The dashboard uses Server-Sent Events (SSE) rather than WebSockets for live updates. This design choice means the connection is HTTP-based and unidirectional (server to client), which the README notes works through corporate proxies that might block WebSocket upgrades. The trade-off is that command features like /brief and /sweep require separate POST requests instead of bidirectional messaging.

The frontend is built without React, Vue, or Svelte—it’s vanilla JavaScript that opens an EventSource connection to /events on page load and updates the DOM when new sweep data arrives. The 3D globe uses Globe.gl for WebGL rendering, with a toggle option for a flat map view. When users switch to ‘VISUALS LITE’ mode, the dashboard disables expensive visual effects like backdrop filters, animations, and on mobile devices, forces flat map mode to improve performance.

The optional LLM integration connects to the sweep pipeline—after each sweep completes, if LLM_API_KEY is configured in .env, the system can generate alerts and actionable insights. However, the README is clear that ‘the core dashboard functionality doesn’t depend on it’—Crucix works as a pure aggregator without any AI components.

The decision to store sweeps as flat JSON files rather than using a traditional database appears intentional for the target use case.

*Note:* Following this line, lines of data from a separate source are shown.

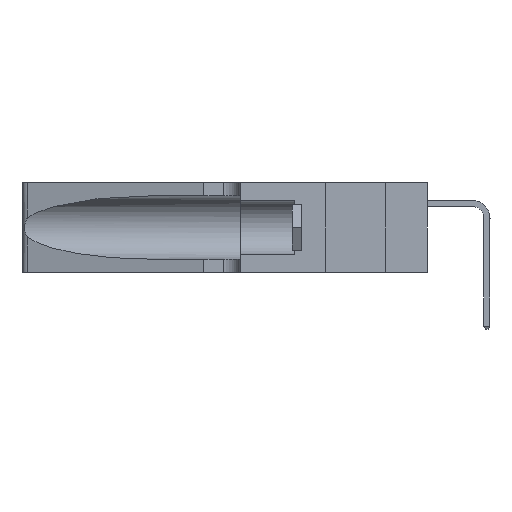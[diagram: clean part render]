
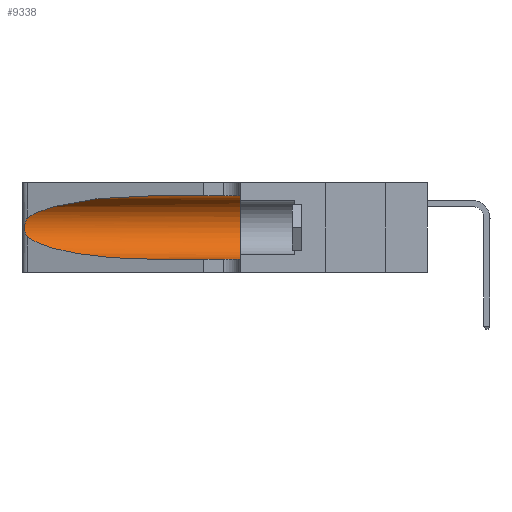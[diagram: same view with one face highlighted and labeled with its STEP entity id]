
A CAD part, left-side view. The second image highlights one B-rep face of the part: STEP entity #9338.
In plain terms, the highlighted cylindrical face has radius 3.308 mm (diameter 6.617 mm), a partial arc.
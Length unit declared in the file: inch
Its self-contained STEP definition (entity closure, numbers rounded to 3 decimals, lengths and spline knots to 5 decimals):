
#111 = CARTESIAN_POINT ( 'NONE',  ( 0.1305, 0.72297, 0.31525 ) ) ;
#658 = CARTESIAN_POINT ( 'NONE',  ( 0.1305, 0.35, 0.31525 ) ) ;
#1856 = CARTESIAN_POINT ( 'NONE',  ( 0.25487, 1.22718, 0.22369 ) ) ;
#1967 = EDGE_CURVE ( 'NONE', #17580, #17910, #18477, .T. ) ;
#2429 = CARTESIAN_POINT ( 'NONE',  ( 0.25639, 1.23186, 0.15144 ) ) ;
#4952 = VECTOR ( 'NONE', #25084, 39.37008 ) ;
#5634 = CARTESIAN_POINT ( 'NONE',  ( 0.25487, 1.22718, 0.14631 ) ) ;
#6455 = CARTESIAN_POINT ( 'NONE',  ( 0.25487, 1.22718, 0.14631 ) ) ;
#6834 = AXIS2_PLACEMENT_3D ( 'NONE', #15562, #19623, #23683 ) ;
#7235 = LINE ( 'NONE', #38343, #38052 ) ;
#9338 = ADVANCED_FACE ( 'NONE', ( #37353 ), #45423, .F. ) ;
#9788 = CARTESIAN_POINT ( 'NONE',  ( 0.1305, 0.72297, 0.31525 ) ) ;
#10367 = CARTESIAN_POINT ( 'NONE',  ( 0.25639, 1.23184, 0.21858 ) ) ;
#13284 = DIRECTION ( 'NONE',  ( 0., 1., 0. ) ) ;
#14403 = EDGE_CURVE ( 'NONE', #17910, #22410, #46348, .T. ) ;
#14439 = CARTESIAN_POINT ( 'NONE',  ( 0.25854, 1.2359, 0.20912 ) ) ;
#15562 = CARTESIAN_POINT ( 'NONE',  ( 0.1305, 1.61858, 0.185 ) ) ;
#15940 = ORIENTED_EDGE ( 'NONE', *, *, #39417, .T. ) ;
#15957 = CARTESIAN_POINT ( 'NONE',  ( 0.25487, 1.22718, 0.14631 ) ) ;
#17580 = VERTEX_POINT ( 'NONE', #5634 ) ;
#17614 = CARTESIAN_POINT ( 'NONE',  ( 0.25487, 1.22718, 0.22369 ) ) ;
#17910 = VERTEX_POINT ( 'NONE', #32569 ) ;
#18312 = CARTESIAN_POINT ( 'NONE',  ( 0.25555, 1.22994, 0.2215 ) ) ;
#18477 =( BOUNDED_CURVE ( )  B_SPLINE_CURVE ( 3, ( #15957, #39944, #35954, #43936 ),
 .UNSPECIFIED., .F., .T. ) 
 B_SPLINE_CURVE_WITH_KNOTS ( ( 4, 4 ),
 ( 3.44316, 4.71239 ),
 .UNSPECIFIED. ) 
 CURVE ( )  GEOMETRIC_REPRESENTATION_ITEM ( )  RATIONAL_B_SPLINE_CURVE ( ( 1., 0.87, 0.87, 1. ) ) 
 REPRESENTATION_ITEM ( '' )  );
#18484 = CARTESIAN_POINT ( 'NONE',  ( 0.26075, 1.23896, 0.19203 ) ) ;
#19623 = DIRECTION ( 'NONE',  ( 0., -1., 0. ) ) ;
#20651 = CIRCLE ( 'NONE', #35969, 0.13025 ) ;
#22132 = ORIENTED_EDGE ( 'NONE', *, *, #1967, .T. ) ;
#22410 = VERTEX_POINT ( 'NONE', #22869 ) ;
#22549 = CARTESIAN_POINT ( 'NONE',  ( 0.26017, 1.23833, 0.17102 ) ) ;
#22869 = CARTESIAN_POINT ( 'NONE',  ( 0.1305, 0.35, 0.05475 ) ) ;
#23683 = DIRECTION ( 'NONE',  ( 0., 0., -1. ) ) ;
#24165 = EDGE_LOOP ( 'NONE', ( #15940, #31134, #22132, #45672, #51324, #47672 ) ) ;
#25084 = DIRECTION ( 'NONE',  ( 0., -1., 0. ) ) ;
#25278 = VERTEX_POINT ( 'NONE', #17614 ) ;
#26069 = CARTESIAN_POINT ( 'NONE',  ( 0.2373, 1.15595, 0.28018 ) ) ;
#26453 = CARTESIAN_POINT ( 'NONE',  ( 0.25487, 1.22718, 0.22369 ) ) ;
#26624 = CARTESIAN_POINT ( 'NONE',  ( 0.25789, 1.23486, 0.15765 ) ) ;
#29111 = CARTESIAN_POINT ( 'NONE',  ( 0.1305, 1.61858, 0.05475 ) ) ;
#29468 = B_SPLINE_CURVE_WITH_KNOTS ( 'NONE', 3,
 ( #26453, #18312, #10367, #38445, #14439, #42455, #18484, #46433, #22549, #50400, #26624, #2429, #30614, #6455 ),
 .UNSPECIFIED., .F., .F.,
 ( 4, 2, 2, 2, 2, 2, 4 ),
 ( 0., 0.00027, 0.00053, 0.00107, 0.0016, 0.00187, 0.00214 ),
 .UNSPECIFIED. ) ;
#30614 = CARTESIAN_POINT ( 'NONE',  ( 0.25555, 1.22993, 0.14849 ) ) ;
#30826 = VERTEX_POINT ( 'NONE', #111 ) ;
#31134 = ORIENTED_EDGE ( 'NONE', *, *, #41633, .T. ) ;
#32569 = CARTESIAN_POINT ( 'NONE',  ( 0.1305, 0.72297, 0.05475 ) ) ;
#32659 = EDGE_CURVE ( 'NONE', #30826, #44066, #7235, .T. ) ;
#35954 = CARTESIAN_POINT ( 'NONE',  ( 0.18966, 0.96281, 0.05475 ) ) ;
#35969 = AXIS2_PLACEMENT_3D ( 'NONE', #37310, #13284, #41301 ) ;
#37310 = CARTESIAN_POINT ( 'NONE',  ( 0.1305, 0.35, 0.185 ) ) ;
#37353 = FACE_OUTER_BOUND ( 'NONE', #24165, .T. ) ;
#38052 = VECTOR ( 'NONE', #42347, 39.37008 ) ;
#38343 = CARTESIAN_POINT ( 'NONE',  ( 0.1305, 1.61858, 0.31525 ) ) ;
#38445 = CARTESIAN_POINT ( 'NONE',  ( 0.25787, 1.23484, 0.2124 ) ) ;
#39417 = EDGE_CURVE ( 'NONE', #30826, #25278, #47916, .T. ) ;
#39944 = CARTESIAN_POINT ( 'NONE',  ( 0.2373, 1.15595, 0.08982 ) ) ;
#39959 = EDGE_CURVE ( 'NONE', #44066, #22410, #20651, .T. ) ;
#41301 = DIRECTION ( 'NONE',  ( 0., 0., 1. ) ) ;
#41633 = EDGE_CURVE ( 'NONE', #25278, #17580, #29468, .T. ) ;
#42347 = DIRECTION ( 'NONE',  ( 0., -1., 0. ) ) ;
#42455 = CARTESIAN_POINT ( 'NONE',  ( 0.26018, 1.23835, 0.19895 ) ) ;
#43936 = CARTESIAN_POINT ( 'NONE',  ( 0.1305, 0.72297, 0.05475 ) ) ;
#44066 = VERTEX_POINT ( 'NONE', #658 ) ;
#45423 = CYLINDRICAL_SURFACE ( 'NONE', #6834, 0.13025 ) ;
#45672 = ORIENTED_EDGE ( 'NONE', *, *, #14403, .T. ) ;
#45881 = CARTESIAN_POINT ( 'NONE',  ( 0.18966, 0.96281, 0.31525 ) ) ;
#46348 = LINE ( 'NONE', #29111, #4952 ) ;
#46433 = CARTESIAN_POINT ( 'NONE',  ( 0.26075, 1.23896, 0.178 ) ) ;
#47672 = ORIENTED_EDGE ( 'NONE', *, *, #32659, .F. ) ;
#47916 =( BOUNDED_CURVE ( )  B_SPLINE_CURVE ( 3, ( #9788, #45881, #26069, #1856 ),
 .UNSPECIFIED., .F., .F. ) 
 B_SPLINE_CURVE_WITH_KNOTS ( ( 4, 4 ),
 ( 1.5708, 2.84003 ),
 .UNSPECIFIED. ) 
 CURVE ( )  GEOMETRIC_REPRESENTATION_ITEM ( )  RATIONAL_B_SPLINE_CURVE ( ( 1., 0.87, 0.87, 1. ) ) 
 REPRESENTATION_ITEM ( '' )  );
#50400 = CARTESIAN_POINT ( 'NONE',  ( 0.25856, 1.23593, 0.16098 ) ) ;
#51324 = ORIENTED_EDGE ( 'NONE', *, *, #39959, .F. ) ;

For real-time monitoring at 15-minute intervals, the filesystem approach keeps the architecture simple and makes the data easily accessible via standard command-line tools.

Gotcha

The biggest friction point is API key acquisition. While the README lists 27 data sources, it provides an .env.example template but doesn’t detail the specific approval processes for each API. Some sources may require individual registrations with varying approval timelines. The README notes which keys are required versus optional, but sources without valid keys will return empty arrays during sweeps.

The initial load experience requires patience. The README explicitly warns that when you first start the server, the dashboard displays a ‘First sweep in progress…’ message. That first sweep takes 30-60 seconds because it’s querying 27 APIs in parallel, and the dashboard shows an empty interface until the sweep completes. Once the first sweep finishes, subsequent updates happen seamlessly via SSE every 15 minutes, but users should expect that initial wait.

The LLM features are positioned as optional add-ons rather than core functionality. The README mentions /brief and /sweep commands and integration with Telegram and Discord webhooks, but warns prominently that ‘Crucix has not launched any official token’ and flags potential scams. The AI capabilities require separate setup beyond just running the server, and users interested in customizing alert generation would need to work with the source code directly.

If npm run dev fails silently on your system (particularly on Windows PowerShell), the README provides a workaround: run node --trace-warnings server.mjs directly, or use the included node diag.mjs diagnostic tool to troubleshoot Node version, module imports, and port availability issues.

Verdict

Use Crucix if you’re an OSINT analyst, journalist, or trader who needs continuous monitoring of multiple global data streams and values self-hosting. The cross-domain correlation potential—seeing multiple types of events on one screen—provides genuine situational awareness benefits. The minimal dependency footprint (just Express) and file-based storage make it straightforward to deploy. With 8,223 GitHub stars, Crucix has attracted significant community interest. If you’re comfortable spending time collecting API keys and can wait through the initial sweep setup, this is a compelling open-source intelligence aggregator.

Skip Crucix if you need plug-and-play OSINT tools with zero configuration, prefer cloud-hosted dashboards, or only monitor single-domain data where specialized tools would be simpler. Also skip it if you expect the LLM features to work immediately out of the box—they’re optional power-user additions rather than core functionality. The primary value proposition is the aggregation and visualization of 27 diverse data sources into a single, self-hosted dashboard that refreshes automatically every 15 minutes.